- Your instructions -
Leaving pictures aside, restate exactly the lines of the data below, from the first one through the line that contains "line L4 (27.5, 10) -> (27.5, -10)".

- Available data -
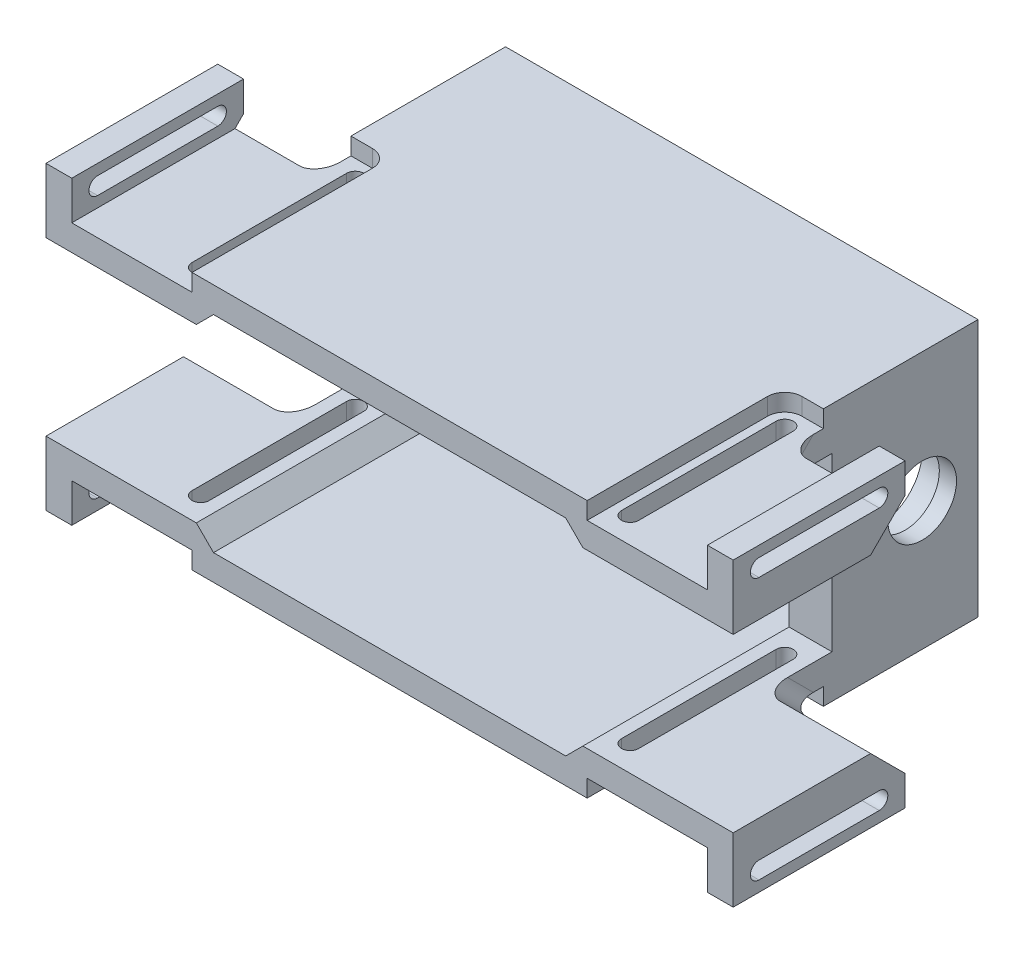
SolidWorks part; units mm, degrees
material "PVC hart"
ref_plane "Ebene vorne" through (0, 0, 0) normal (0, 0, 1) x (1, 0, 0)
ref_plane "Ebene oben" through (0, 0, 0) normal (0, 1, 0) x (1, 0, 0)
ref_plane "Ebene rechts" through (0, 0, 0) normal (1, 0, 0) x (0, 0, -1)
sketch "Skizze1"
  line L0 (-82, 17.5) -> (-82, -17.5) construction
  line L1 (-71, 0) -> (0, 0) construction
  line L8 (-41, 17.5) -> (-41, -17.5) construction
  circle A4 centre (0, 0) radius 29.75 construction
  circle A5 centre (-71, 0) radius 5.75 construction
  circle A6 centre (-47.5, 0) radius 17.75 construction
  circle A7 centre (-47.5, 0) radius 5 construction
  point P8 (0, 0)
  dimension "D2" = 59.5
  dimension "D3" = 11.5
  dimension "D5" = 35.5
  dimension "D6" = 10
  dimension "D7" = 6.5
  dimension "D1" = 11
  dimension "D4" = 71
sketch "Skizze1<4>" plane through (0, 0, 0) normal (1, 0, 0) x (0, 0, -1) same geometry as "Skizze1"
ref_plane "Ebene1" through (0, 0, 82) normal (0, 0, 1) x (1, 0, 0)
ref_plane "Ebene2" through (0, 0, 41) normal (0, 0, 1) x (1, 0, 0)
sketch "Skizze2" plane through (0, 0, 82) normal (0, 0, 1) x (1, 0, 0)
  line L0 (0, 15) -> (0, -15) construction
  line L1 (-27.5, 15) -> (27.5, 15)
  line L2 (-27.5, 15) -> (-27.5, -15)
  line L3 (-27.5, -15) -> (27.5, -15)
  line L4 (27.5, 15) -> (27.5, -15)
  line L5 (-22.5, 0) -> (22.5, 0) construction
  line L6 (-22.5, 12) -> (22.5, 12)
  line L7 (-22.5, 12) -> (-22.5, -12)
  line L8 (-22.5, -12) -> (22.5, -12)
  line L9 (22.5, 12) -> (22.5, -12)
  dimension "D1" = 30
  dimension "D2" = 55
  dimension "D3" = 3
  dimension "D4" = 5
extrude "Aufsatz-Linear austragen1" add sketch "Skizze2" against normal up to surface (41 mm away) up to plane "Ebene2"
sketch "Skizze5" plane through (0, 0, 82) normal (0, 0, 1) x (1, 0, 0)
  line L0 (-27.5, 15) -> (-27.5, -15) construction
  line L1 (-27.5, 10) -> (27.5, 10)
  line L2 (-27.5, 10) -> (-27.5, -10)
  line L3 (-27.5, -10) -> (27.5, -10)
  line L4 (27.5, 10) -> (27.5, -10)
  line L5 (27.5, -15) -> (27.5, 15) construction
  line L8 (-27.5, 0) -> (27.5, 0) construction
  dimension "D1" = 20
extrude "Schnitt-Linear austragen3" cut sketch "Skizze5" against normal blind 24
sketch "Skizze4" plane through (22.5, 0, 0) normal (1, 0, 0) x (0, 0, -1)
  circle A0 centre (-47.5, 0) radius 5
  circle A1 centre (-47.5, 0) radius 4
  dimension "D1" = 10
  dimension "D2" = 8
extrude "Schnitt-Linear austragen1" cut sketch "Skizze4" against normal through all contours A1
extrude "Schnitt-Linear austragen2" cut sketch "Skizze4<3>" along normal blind 3 contours A0
sketch "Skizze4<3>" plane through (22.5, 0, 0) normal (1, 0, 0) x (0, 0, -1) same geometry as "Skizze4"
sketch "Skizze6" plane through (0, 15, 0) normal (0, 1, 0) x (1, 0, 0)
  line L0 (25, -61) -> (25, -79) construction
  line L1 (26, -61) -> (26, -79)
  line L2 (24, -61) -> (24, -79)
  line L3 (25, -61) -> (25, -79) construction
  line L4 (27, -61) -> (27, -79)
  line L5 (23, -61) -> (23, -79)
  line L7 (25, -61) -> (25, -58) construction
  line L8 (22.5, -58) -> (27.5, -58) construction
  line L9 (25, -79) -> (25, -82) construction
  line L10 (27.5, -82) -> (-27.5, -82) construction
  line L11 (25, -59) -> (27.5, -59)
  line L12 (27.5, -41) -> (27.5, -82) construction
  line L13 (27.5, -59) -> (27.5, -82)
  line L14 (27.5, -82) -> (23, -82)
  line L15 (23, -82) -> (23, -79)
  arc A0 (26, -61) -> (24, -61) centre (25, -61) ccw
  arc A1 (24, -79) -> (26, -79) centre (25, -79) ccw
  arc A2 (27, -61) -> (23, -61) centre (25, -61) ccw
  arc A3 (23, -79) -> (27, -79) centre (25, -79) ccw
  point P2 (25, -70)
  point P8 (25, -70)
  line M3 (-27.5, -82) -> (27.5, -82)
  line M4 (27.5, -82) -> (27.5, -41)
  dimension "D1" = 2
  dimension "D2" = 4
  dimension "D3" = 3
extrude "Schnitt-Linear austragen4" cut sketch "Skizze6" against normal up to next contours L2 A1 L1 A0
extrude "Schnitt-Linear austragen5" cut sketch "Skizze6<3>" against normal blind 2 contours L5 A3 L4 A2 A1 L2 A0 L1 | A3 L15 L11 A2 L4 M3 M4 region at (26.5799, 15, 59.4201) region at (26.7764, 15, 70)
sketch "Skizze6<3>" plane through (0, 15, 0) normal (0, 1, 0) x (1, 0, 0) same geometry as "Skizze6"
sketch "Skizze8" plane through (0, 0, 82) normal (0, 0, 1) x (1, 0, 0)
  line L0 (27.5, 13) -> (37, 13)
  line L1 (37, 13) -> (37, 17.5)
  line L2 (37, 17.5) -> (40, 17.5)
  line L3 (40, 17.5) -> (40, 10)
  line L4 (40, 10) -> (27.5, 10)
  line L6 (27.5, 10) -> (27.5, 13)
  line L9 (0, 15) -> (0, -15) construction
  line L11 (-27.5, -15) -> (27.5, -15) construction
  line L12 (-27.5, 0) -> (27.5, 0) construction
  line L13 (-27.5, 10) -> (-27.5, -10) construction
  line L14 (27.5, -10) -> (27.5, 10) construction
  line L15 (23, 15) -> (-27.5, 15) construction
  line L16 (0, 200017.5) -> (0, -200017.5) construction
  dimension "D1" = 80
  dimension "D2" = 3
  dimension "D3" = 35
  dimension "D4" = 3
  dimension "D5" = 4.5
extrude "Aufsatz-Linear austragen2" add sketch "Skizze8" against normal offset from surface (20 mm away) 4 up to face at (25, 0, 58)
sketch "Skizze9" plane through (37, 0, 0) normal (-1, 0, 0) x (0, 0, 1)
  line L0 (65, 15.25) -> (79, 15.25) construction
  line L1 (65, 16.25) -> (79, 16.25)
  line L2 (65, 14.25) -> (79, 14.25)
  line L6 (79, 15.25) -> (82, 15.25) construction
  line L7 (82, 17.5) -> (82, 13) construction
  line L8 (65, 15.25) -> (62, 15.25) construction
  line L9 (62, 13) -> (62, 17.5) construction
  arc A0 (65, 16.25) -> (65, 14.25) centre (65, 15.25) ccw
  arc A1 (79, 14.25) -> (79, 16.25) centre (79, 15.25) ccw
  point P2 (72, 15.25)
  dimension "D1" = 2
  dimension "D2" = 3
extrude "Schnitt-Linear austragen6" cut sketch "Skizze9" against normal through all
mirror "Spiegeln2" about plane through (0, 0, 0) normal (0, 1, 0) of "Schnitt-Linear austragen6", "Schnitt-Linear austragen5", "Schnitt-Linear austragen4", "Aufsatz-Linear austragen2"
mirror "Spiegeln1" about plane through (0, 0, 0) normal (1, 0, 0) of "Schnitt-Linear austragen2", "Spiegeln2", "Schnitt-Linear austragen1"
chamfer "Fase2" distance 2 angle 45 4 edges at (-22.5, 12, 61.5) (-22.5, -12, 61.5) (22.5, -12, 61.5) (22.5, 12, 61.5)
chamfer "Fase3" distance 4 angle 45 4 edges at (-33.75, 10, 62) (33.75, -10, 62)
fillet "Verrundung1" radius 2 4 edges at (-27.5, 11.5, 64.5) (-27.5, -11.5, 64.5) (27.5, -11.5, 64.5) (27.5, 11.5, 64.5)

- Solution to the exercise -
SolidWorks part; units mm, degrees
material "PVC hart"
ref_plane "Ebene vorne" through (0, 0, 0) normal (0, 0, 1) x (1, 0, 0)
ref_plane "Ebene oben" through (0, 0, 0) normal (0, 1, 0) x (1, 0, 0)
ref_plane "Ebene rechts" through (0, 0, 0) normal (1, 0, 0) x (0, 0, -1)
sketch "Skizze1"
  line L0 (-82, 17.5) -> (-82, -17.5) construction
  line L1 (-71, 0) -> (0, 0) construction
  line L8 (-41, 17.5) -> (-41, -17.5) construction
  circle A4 centre (0, 0) radius 29.75 construction
  circle A5 centre (-71, 0) radius 5.75 construction
  circle A6 centre (-47.5, 0) radius 17.75 construction
  circle A7 centre (-47.5, 0) radius 5 construction
  point P8 (0, 0)
  dimension "D2" = 59.5
  dimension "D3" = 11.5
  dimension "D5" = 35.5
  dimension "D6" = 10
  dimension "D7" = 6.5
  dimension "D1" = 11
  dimension "D4" = 71
sketch "Skizze1<4>" plane through (0, 0, 0) normal (1, 0, 0) x (0, 0, -1) same geometry as "Skizze1"
ref_plane "Ebene1" through (0, 0, 82) normal (0, 0, 1) x (1, 0, 0)
ref_plane "Ebene2" through (0, 0, 41) normal (0, 0, 1) x (1, 0, 0)
sketch "Skizze2" plane through (0, 0, 82) normal (0, 0, 1) x (1, 0, 0)
  line L0 (0, 15) -> (0, -15) construction
  line L1 (-27.5, 15) -> (27.5, 15)
  line L2 (-27.5, 15) -> (-27.5, -15)
  line L3 (-27.5, -15) -> (27.5, -15)
  line L4 (27.5, 15) -> (27.5, -15)
  line L5 (-22.5, 0) -> (22.5, 0) construction
  line L6 (-22.5, 12) -> (22.5, 12)
  line L7 (-22.5, 12) -> (-22.5, -12)
  line L8 (-22.5, -12) -> (22.5, -12)
  line L9 (22.5, 12) -> (22.5, -12)
  dimension "D1" = 30
  dimension "D2" = 55
  dimension "D3" = 3
  dimension "D4" = 5
extrude "Aufsatz-Linear austragen1" add sketch "Skizze2" against normal up to surface (41 mm away) up to plane "Ebene2"
sketch "Skizze5" plane through (0, 0, 82) normal (0, 0, 1) x (1, 0, 0)
  line L0 (-27.5, 15) -> (-27.5, -15) construction
  line L1 (-27.5, 10) -> (27.5, 10)
  line L2 (-27.5, 10) -> (-27.5, -10)
  line L3 (-27.5, -10) -> (27.5, -10)
  line L4 (27.5, 10) -> (27.5, -10)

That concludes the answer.